月給8万円 | 月給10万円 | 月給12万円 | |
年収 | 96万円 | 120万円 | 144万円 |
健康保険料 | 0円 | 9900円 | 1万1880円 |
厚生年金料 | 0円 | 9150円 | 1万980円 |
雇用保険料 | 240円 | 300円 | 360円 |
税金合計 | 240円 | 1万9350円 | 2万3220円 |
手取り/月 | 7万9760円 | 8万650円 (+890円) | 9万6780円 (+1万7020円) |
手取り/年 | 95万7120円 | 96万7800円 (+1万680円) | 116万1360円 (+20万4240円) |
年収106万円を大きく超えた場合にはプラスになります。しかし、月給8万円と月給10万円を稼ぐ人では月給10万円の人の方が手取りは多いものの、働いた時間などを考慮すると割に合わない気もしますね。106万円の壁を越える際は、106万円を大きく越える場合に限定した方損せずに済みそうです。
106万円の壁を越えるメリット
106万円の壁を越えると「旦那の扶養を外れて社会保険料を支払わなければならない」といったデメリットを思い浮かべる方も多いかと思いますが、メリットも実はあります。
- 自分で社会保険に加入することで以前よりも保障が充実する
社会保険料を払わなければいけませんが、その分、公的医療保険からの給付が充実します。
例えば、怪我や病気で休業する場合や出産前後で休暇する場合、月給の3分の1くらいのお金が給付される傷病手当金や出産手当金が支給対象になります。これらの手当金は、休業による収入減少の影響を抑えることができます。保険料負担は確かに大きいですが、公的医療保険が充実するので、旦那に相談しましょう。 - 将来年金が増える
自分で厚生年金保険に加入するため、将来受け取る年金額が増加します。
夫の扶養に入っていたら、厚生年金保険の被保険者にはなれないので、将来受け取る年金額は、全国民共通の基礎年金である国民年金から支給される老齢基礎年金しかもらえません。しかし、106万円の壁を超えて自分で厚生年金保険に加入すると、払った保険料に見合った老齢厚生年金も受給できるようになります。
このように106万万円の壁を越えることによってメリットもあるので、超えそうな場合は旦那と相談してから決めると良いでしょう。
130万円の壁との違い
社会保険関連で106万円の壁と同様に話題に上がるのが、「130万円の壁」です。どう違うのか解説します。

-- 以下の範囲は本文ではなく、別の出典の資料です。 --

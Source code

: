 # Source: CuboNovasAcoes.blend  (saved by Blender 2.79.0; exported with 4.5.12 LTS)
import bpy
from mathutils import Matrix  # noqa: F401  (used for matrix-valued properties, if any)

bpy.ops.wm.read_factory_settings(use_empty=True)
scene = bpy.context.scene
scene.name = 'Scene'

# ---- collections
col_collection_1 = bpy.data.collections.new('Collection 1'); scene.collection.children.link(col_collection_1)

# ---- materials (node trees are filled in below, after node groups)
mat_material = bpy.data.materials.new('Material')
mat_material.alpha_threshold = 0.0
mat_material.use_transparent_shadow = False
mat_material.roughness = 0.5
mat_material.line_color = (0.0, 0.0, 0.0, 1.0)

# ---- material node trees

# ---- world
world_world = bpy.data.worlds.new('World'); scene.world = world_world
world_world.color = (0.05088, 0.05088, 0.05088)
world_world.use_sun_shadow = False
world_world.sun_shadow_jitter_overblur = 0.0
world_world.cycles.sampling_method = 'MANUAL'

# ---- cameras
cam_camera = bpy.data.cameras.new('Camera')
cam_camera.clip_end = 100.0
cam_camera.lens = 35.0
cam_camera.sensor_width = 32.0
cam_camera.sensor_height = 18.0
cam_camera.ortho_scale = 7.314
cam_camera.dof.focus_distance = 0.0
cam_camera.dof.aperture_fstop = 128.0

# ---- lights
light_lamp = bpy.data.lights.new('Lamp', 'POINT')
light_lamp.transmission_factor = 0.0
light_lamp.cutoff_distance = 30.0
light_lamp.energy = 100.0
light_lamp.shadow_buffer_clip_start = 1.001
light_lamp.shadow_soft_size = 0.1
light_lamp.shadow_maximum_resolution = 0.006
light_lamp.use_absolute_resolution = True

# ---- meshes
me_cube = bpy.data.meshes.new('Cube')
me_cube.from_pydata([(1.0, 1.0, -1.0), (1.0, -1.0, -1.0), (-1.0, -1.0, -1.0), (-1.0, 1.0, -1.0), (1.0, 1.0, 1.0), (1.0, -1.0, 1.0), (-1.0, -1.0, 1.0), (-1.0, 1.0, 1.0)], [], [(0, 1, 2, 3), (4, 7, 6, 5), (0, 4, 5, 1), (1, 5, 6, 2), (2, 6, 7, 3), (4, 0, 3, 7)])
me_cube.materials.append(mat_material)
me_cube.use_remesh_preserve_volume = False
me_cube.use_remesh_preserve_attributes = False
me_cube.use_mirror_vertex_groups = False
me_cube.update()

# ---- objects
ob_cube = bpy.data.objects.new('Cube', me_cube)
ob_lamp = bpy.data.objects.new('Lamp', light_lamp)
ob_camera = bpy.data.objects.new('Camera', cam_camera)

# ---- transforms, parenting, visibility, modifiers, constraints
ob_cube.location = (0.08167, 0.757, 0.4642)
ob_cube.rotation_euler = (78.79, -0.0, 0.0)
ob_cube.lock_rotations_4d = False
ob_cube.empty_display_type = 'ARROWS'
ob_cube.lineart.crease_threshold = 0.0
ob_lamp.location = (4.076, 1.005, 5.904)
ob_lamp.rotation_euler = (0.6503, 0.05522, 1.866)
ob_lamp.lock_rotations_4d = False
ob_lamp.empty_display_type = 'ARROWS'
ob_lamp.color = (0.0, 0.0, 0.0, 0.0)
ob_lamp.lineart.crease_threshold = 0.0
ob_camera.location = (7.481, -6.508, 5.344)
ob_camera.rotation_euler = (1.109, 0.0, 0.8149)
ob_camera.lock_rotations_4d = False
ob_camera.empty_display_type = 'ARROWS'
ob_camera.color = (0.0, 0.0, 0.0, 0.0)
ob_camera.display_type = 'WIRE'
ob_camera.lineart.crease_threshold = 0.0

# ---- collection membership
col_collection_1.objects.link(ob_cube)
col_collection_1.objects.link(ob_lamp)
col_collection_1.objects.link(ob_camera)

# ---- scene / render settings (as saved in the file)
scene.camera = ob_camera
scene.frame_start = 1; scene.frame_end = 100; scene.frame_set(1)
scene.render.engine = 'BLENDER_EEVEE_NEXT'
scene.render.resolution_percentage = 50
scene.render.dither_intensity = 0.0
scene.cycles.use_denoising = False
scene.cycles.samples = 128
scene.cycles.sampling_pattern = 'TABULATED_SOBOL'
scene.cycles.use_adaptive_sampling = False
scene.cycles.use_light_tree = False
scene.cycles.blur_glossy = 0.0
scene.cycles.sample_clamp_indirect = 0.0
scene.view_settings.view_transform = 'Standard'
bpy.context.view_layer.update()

先ほど説明した106万円の壁に当てはまる条件の全てに当てはまると、主婦の社会保険加入の義務が発生して旦那の扶養から外れることになります。しかし、1つでも当てはまらなければ106万円の壁を超えても社会保険加入の義務は発生しません。
違い
106万円の壁は条件に当てはまらなければ適用されませんが、130万円の壁は無条件で旦那の社会保険の扶養から外れます。扶養から外れたら、自分で勤務先の社会保険に加入することが義務づけられます。
例えば、パート主婦の年収が140万円で、従業員数500名以下の企業で勤務している場合、106万円の壁の条件である501名以上の従業員がいる企業という条件に当てはまらないため、106万円の壁で扶養を外れ、自分で勤務先の社会保険に加入する必要はありません。しかし、130万円の壁には、条件がないので130万円を超えているだけで、扶養から外れてしまいます。
何にせよ、まずは旦那に相談してみるのが得策です。